[proofplan]
The wedge product is defined pointwise from the exterior algebra structure on each cotangent space $T_x^*M$. Bilinearity, associativity, and graded commutativity therefore follow from the corresponding identities for the wedge product on a finite-dimensional [vector space](/page/Vector%20Space), applied at every point. The only nontrivial verification at the manifold level is that the pointwise product of two smooth sections is again smooth; we check this in an arbitrary chart by writing both forms in the local coframe $\{dx_{i_1} \wedge \cdots \wedge dx_{i_k}\}$ and observing that the wedge product reduces to multiplication of smooth coefficient functions. The degree statement and the truncation $\Omega^p(M) = 0$ for $p > n$ come from $\dim \Lambda^p T_x^*M = \binom{n}{p}$.
[/proofplan]
[step:Recall the pointwise exterior algebra structure on each cotangent space]

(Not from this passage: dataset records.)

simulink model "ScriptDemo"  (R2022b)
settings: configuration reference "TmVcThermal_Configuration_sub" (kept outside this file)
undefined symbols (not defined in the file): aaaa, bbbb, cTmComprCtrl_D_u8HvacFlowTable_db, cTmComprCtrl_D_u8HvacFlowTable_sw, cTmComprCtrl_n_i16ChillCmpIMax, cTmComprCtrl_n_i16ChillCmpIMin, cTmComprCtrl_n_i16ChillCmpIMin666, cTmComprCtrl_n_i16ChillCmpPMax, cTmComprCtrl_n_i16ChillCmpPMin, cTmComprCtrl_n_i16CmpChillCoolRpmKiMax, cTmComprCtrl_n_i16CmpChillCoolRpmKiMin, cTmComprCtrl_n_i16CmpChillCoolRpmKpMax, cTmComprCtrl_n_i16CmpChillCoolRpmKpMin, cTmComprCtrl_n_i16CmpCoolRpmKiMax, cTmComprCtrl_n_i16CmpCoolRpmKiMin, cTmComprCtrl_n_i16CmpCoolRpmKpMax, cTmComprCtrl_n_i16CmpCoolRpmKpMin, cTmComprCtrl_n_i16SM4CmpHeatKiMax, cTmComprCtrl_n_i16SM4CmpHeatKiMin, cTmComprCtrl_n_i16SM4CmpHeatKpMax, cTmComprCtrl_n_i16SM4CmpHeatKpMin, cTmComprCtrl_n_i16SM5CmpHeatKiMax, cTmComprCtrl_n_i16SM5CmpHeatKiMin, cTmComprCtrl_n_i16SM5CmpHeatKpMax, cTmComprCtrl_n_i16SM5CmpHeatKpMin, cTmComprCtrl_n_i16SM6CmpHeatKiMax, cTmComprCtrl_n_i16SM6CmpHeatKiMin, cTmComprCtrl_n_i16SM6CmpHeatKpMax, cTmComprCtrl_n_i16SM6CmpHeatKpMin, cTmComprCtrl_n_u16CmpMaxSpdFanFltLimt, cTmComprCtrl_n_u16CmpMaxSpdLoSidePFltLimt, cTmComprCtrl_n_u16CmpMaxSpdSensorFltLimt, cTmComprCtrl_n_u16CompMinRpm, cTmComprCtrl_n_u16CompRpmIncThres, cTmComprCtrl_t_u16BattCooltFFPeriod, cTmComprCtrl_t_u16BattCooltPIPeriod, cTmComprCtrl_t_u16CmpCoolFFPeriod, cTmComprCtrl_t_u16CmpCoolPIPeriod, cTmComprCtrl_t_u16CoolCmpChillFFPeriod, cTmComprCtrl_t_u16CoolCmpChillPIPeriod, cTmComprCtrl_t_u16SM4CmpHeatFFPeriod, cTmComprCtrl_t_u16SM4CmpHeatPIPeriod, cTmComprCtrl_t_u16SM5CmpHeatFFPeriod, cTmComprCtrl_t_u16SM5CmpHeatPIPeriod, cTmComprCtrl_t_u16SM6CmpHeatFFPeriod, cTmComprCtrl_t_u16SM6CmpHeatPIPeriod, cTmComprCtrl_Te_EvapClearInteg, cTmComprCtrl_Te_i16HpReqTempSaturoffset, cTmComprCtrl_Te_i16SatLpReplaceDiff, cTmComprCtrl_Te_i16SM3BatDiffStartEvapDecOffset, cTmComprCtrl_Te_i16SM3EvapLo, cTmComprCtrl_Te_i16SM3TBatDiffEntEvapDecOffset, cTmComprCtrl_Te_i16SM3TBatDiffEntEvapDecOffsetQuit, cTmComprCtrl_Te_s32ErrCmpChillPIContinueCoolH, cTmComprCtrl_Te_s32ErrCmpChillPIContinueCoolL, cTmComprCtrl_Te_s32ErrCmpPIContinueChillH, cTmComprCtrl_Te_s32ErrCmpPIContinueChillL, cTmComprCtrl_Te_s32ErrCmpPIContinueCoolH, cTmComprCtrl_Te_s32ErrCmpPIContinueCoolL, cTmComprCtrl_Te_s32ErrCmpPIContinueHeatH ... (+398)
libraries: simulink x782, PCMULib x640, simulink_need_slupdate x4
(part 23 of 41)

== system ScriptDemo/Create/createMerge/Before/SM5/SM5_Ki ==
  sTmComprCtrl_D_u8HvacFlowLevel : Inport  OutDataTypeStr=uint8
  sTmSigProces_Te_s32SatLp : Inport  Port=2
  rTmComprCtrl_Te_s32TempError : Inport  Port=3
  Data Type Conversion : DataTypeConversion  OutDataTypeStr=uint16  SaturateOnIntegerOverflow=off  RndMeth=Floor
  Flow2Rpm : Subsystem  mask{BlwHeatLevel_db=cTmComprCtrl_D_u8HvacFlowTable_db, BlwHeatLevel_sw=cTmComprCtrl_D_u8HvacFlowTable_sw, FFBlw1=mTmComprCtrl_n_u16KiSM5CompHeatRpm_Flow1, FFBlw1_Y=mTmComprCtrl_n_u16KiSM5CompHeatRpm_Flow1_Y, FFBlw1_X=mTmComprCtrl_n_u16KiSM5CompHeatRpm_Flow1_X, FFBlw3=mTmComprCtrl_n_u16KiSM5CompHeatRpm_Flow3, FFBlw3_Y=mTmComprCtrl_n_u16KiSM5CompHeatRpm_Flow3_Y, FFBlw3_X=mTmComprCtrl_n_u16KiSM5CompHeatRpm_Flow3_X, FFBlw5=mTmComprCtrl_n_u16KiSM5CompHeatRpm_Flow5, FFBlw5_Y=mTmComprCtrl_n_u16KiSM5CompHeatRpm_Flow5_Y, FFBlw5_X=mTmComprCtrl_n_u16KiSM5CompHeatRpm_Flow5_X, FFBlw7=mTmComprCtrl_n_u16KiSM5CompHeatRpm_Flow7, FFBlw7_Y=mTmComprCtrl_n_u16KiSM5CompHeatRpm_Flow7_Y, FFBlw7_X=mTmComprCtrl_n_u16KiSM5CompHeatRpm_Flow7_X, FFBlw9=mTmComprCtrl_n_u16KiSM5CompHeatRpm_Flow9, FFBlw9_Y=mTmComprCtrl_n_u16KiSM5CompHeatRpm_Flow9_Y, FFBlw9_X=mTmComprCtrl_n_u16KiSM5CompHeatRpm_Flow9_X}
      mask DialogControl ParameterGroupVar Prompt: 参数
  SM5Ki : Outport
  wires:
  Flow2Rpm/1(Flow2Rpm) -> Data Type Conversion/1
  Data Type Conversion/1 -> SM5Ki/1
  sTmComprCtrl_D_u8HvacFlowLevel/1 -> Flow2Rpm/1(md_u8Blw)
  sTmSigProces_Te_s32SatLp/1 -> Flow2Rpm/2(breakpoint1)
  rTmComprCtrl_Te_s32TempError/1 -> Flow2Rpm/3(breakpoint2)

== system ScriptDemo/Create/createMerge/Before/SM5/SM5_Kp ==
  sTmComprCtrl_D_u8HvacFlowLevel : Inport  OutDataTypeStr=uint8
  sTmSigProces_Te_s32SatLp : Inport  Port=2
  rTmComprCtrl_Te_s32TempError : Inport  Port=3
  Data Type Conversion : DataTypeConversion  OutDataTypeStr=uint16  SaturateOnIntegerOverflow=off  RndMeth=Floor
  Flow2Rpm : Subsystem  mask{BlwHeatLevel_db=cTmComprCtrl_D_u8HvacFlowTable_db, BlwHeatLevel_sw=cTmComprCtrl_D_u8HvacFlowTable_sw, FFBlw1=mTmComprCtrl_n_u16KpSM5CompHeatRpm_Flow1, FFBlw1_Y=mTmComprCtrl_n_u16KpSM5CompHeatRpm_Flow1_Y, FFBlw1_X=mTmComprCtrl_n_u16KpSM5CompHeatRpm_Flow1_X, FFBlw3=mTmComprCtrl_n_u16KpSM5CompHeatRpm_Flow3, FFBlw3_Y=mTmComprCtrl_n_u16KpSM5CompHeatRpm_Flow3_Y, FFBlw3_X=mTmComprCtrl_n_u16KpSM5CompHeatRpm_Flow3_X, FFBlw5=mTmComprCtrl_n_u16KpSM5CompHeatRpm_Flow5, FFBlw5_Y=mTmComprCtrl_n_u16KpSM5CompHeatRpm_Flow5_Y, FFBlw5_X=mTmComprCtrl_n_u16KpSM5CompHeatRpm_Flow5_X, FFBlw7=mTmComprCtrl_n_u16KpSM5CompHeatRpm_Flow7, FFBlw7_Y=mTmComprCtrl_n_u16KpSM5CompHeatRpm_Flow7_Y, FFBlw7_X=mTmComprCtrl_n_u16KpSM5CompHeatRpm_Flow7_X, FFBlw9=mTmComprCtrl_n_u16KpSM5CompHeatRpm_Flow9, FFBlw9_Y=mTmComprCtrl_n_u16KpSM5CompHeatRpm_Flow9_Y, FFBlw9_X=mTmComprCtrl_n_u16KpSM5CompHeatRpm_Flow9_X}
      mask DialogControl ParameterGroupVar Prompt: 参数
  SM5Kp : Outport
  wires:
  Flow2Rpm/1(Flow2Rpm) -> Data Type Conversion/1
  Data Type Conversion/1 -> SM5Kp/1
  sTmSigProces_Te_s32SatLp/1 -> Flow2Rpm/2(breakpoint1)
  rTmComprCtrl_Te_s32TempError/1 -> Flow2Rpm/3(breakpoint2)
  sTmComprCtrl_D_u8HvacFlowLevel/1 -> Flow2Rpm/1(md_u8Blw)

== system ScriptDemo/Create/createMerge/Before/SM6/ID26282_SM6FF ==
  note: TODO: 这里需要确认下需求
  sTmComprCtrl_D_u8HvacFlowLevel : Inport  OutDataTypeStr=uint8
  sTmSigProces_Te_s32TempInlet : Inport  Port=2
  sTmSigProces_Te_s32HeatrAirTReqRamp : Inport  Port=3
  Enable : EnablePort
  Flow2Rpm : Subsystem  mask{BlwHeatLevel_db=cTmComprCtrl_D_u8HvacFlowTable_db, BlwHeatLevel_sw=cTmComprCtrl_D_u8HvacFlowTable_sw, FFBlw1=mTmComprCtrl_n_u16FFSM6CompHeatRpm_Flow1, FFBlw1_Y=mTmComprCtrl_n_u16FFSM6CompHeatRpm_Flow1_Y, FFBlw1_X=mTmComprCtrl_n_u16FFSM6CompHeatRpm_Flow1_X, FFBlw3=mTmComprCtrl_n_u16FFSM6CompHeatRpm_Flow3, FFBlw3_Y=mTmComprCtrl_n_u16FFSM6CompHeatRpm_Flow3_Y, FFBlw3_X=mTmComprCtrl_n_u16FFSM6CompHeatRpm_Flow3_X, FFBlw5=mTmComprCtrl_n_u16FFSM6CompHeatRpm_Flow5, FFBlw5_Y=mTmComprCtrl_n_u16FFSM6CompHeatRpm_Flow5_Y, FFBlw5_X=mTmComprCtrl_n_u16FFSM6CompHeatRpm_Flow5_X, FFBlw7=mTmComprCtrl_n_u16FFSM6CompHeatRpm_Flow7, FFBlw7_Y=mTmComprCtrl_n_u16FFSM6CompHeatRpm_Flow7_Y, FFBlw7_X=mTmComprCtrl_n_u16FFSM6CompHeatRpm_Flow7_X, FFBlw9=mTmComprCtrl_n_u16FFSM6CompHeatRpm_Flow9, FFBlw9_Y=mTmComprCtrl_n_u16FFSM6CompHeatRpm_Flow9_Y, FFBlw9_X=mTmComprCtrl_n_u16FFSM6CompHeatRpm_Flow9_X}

Fix $x \in M$. The cotangent space $T_x^*M$ is an $n$-dimensional real [vector space](/page/Vector%20Space), and its exterior algebra
\begin{align*}
\Lambda^* T_x^*M := \bigoplus_{p=0}^{n} \Lambda^p T_x^*M
\end{align*}
is a graded associative $\mathbb{R}$-algebra under the wedge product
\begin{align*}
\wedge_x : \Lambda^p T_x^*M \times \Lambda^q T_x^*M &\to \Lambda^{p+q} T_x^*M, \\
(\omega, \eta) &\mapsto \omega \wedge_x \eta,
\end{align*}
satisfying $\mathbb{R}$-bilinearity, associativity, and graded commutativity $\omega \wedge_x \eta = (-1)^{pq} \eta \wedge_x \omega$ for $\omega \in \Lambda^p T_x^*M$, $\eta \in \Lambda^q T_x^*M$. Moreover $\Lambda^p T_x^*M = 0$ for $p > n$ since $\dim \Lambda^p T_x^*M = \binom{n}{p}$.
[guided]
The wedge product on the exterior algebra of a single [vector space](/page/Vector%20Space) is the algebraic prerequisite for all manifold-level statements about forms. Recall that for an $n$-dimensional real [vector space](/page/Vector%20Space) $V$ — here $V = T_x^*M$ — the exterior algebra is the quotient of the tensor algebra $T(V) = \bigoplus_{k \ge 0} V^{\otimes k}$ by the two-sided ideal generated by $\{v \otimes v : v \in V\}$. The resulting graded algebra
\begin{align*}
\Lambda^* V = \bigoplus_{p=0}^{\dim V} \Lambda^p V
\end{align*}
inherits an associative product, denoted $\wedge$, that is $\mathbb{R}$-bilinear, sends $\Lambda^p V \times \Lambda^q V$ into $\Lambda^{p+q} V$, and satisfies $\omega \wedge \eta = (-1)^{pq}\eta \wedge \omega$. The dimension formula $\dim \Lambda^p V = \binom{n}{p}$ forces $\Lambda^p V = 0$ for $p > n$. We will use these pointwise facts at every $x \in M$; the only work left is to confirm that pointwise products of smooth forms are smooth.
[/guided]
[/step]
[step:Define the wedge product of forms pointwise and reduce algebraic identities to the pointwise case]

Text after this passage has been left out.